━━ DATA FOR REVIEW

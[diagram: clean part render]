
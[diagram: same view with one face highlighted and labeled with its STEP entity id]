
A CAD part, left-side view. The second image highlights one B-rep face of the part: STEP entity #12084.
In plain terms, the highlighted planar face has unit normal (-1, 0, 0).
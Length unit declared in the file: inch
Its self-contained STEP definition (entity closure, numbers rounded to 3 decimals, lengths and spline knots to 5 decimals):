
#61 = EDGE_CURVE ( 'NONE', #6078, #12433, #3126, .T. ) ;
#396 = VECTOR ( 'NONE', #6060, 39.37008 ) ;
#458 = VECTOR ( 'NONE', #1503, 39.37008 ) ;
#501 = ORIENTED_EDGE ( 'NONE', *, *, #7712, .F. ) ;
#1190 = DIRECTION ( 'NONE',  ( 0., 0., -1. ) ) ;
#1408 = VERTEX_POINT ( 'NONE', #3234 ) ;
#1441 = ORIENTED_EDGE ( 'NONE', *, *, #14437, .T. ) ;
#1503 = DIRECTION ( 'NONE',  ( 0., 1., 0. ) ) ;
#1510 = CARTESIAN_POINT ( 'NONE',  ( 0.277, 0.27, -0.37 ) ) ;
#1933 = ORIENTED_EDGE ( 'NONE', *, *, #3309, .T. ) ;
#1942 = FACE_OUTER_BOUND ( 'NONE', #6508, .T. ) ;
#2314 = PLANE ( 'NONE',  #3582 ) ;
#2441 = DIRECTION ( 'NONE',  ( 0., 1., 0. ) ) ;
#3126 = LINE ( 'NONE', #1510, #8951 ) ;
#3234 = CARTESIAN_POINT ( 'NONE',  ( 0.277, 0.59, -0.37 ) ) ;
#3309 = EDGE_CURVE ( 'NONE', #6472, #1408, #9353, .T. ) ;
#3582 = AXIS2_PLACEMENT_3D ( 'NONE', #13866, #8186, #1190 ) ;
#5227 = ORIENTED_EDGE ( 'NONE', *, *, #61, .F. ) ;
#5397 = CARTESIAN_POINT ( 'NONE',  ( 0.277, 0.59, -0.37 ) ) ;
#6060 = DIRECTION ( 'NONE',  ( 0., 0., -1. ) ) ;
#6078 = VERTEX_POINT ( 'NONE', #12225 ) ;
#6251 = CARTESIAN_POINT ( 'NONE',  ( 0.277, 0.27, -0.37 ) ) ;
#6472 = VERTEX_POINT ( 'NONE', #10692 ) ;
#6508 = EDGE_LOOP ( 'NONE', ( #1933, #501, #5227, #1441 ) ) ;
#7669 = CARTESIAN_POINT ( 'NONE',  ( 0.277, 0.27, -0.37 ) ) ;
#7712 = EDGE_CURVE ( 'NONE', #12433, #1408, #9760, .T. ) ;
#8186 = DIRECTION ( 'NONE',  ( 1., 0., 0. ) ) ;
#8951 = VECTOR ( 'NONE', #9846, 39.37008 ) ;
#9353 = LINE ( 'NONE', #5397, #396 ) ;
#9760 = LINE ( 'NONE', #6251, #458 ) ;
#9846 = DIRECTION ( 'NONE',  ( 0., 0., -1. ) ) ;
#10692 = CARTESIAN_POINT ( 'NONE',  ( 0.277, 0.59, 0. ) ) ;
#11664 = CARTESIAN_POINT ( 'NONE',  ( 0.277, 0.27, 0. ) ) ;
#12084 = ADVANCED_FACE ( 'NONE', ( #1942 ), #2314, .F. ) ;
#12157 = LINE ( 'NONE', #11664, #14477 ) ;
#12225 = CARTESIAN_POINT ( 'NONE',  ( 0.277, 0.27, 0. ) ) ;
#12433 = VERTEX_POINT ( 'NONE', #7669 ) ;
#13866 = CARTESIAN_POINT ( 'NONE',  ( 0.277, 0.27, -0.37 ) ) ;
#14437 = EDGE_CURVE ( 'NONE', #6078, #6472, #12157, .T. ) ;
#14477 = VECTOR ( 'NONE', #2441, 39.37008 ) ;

━━━━

(TASK PROMPT):
The answer should be all lines from the entries above that hold the word "DIRECTION".

(ANSWER TO THE EXERCISE):
#1190 = DIRECTION ( 'NONE',  ( 0., 0., -1. ) ) ;
#1503 = DIRECTION ( 'NONE',  ( 0., 1., 0. ) ) ;
#2441 = DIRECTION ( 'NONE',  ( 0., 1., 0. ) ) ;
#6060 = DIRECTION ( 'NONE',  ( 0., 0., -1. ) ) ;
#8186 = DIRECTION ( 'NONE',  ( 1., 0., 0. ) ) ;
#9846 = DIRECTION ( 'NONE',  ( 0., 0., -1. ) ) ;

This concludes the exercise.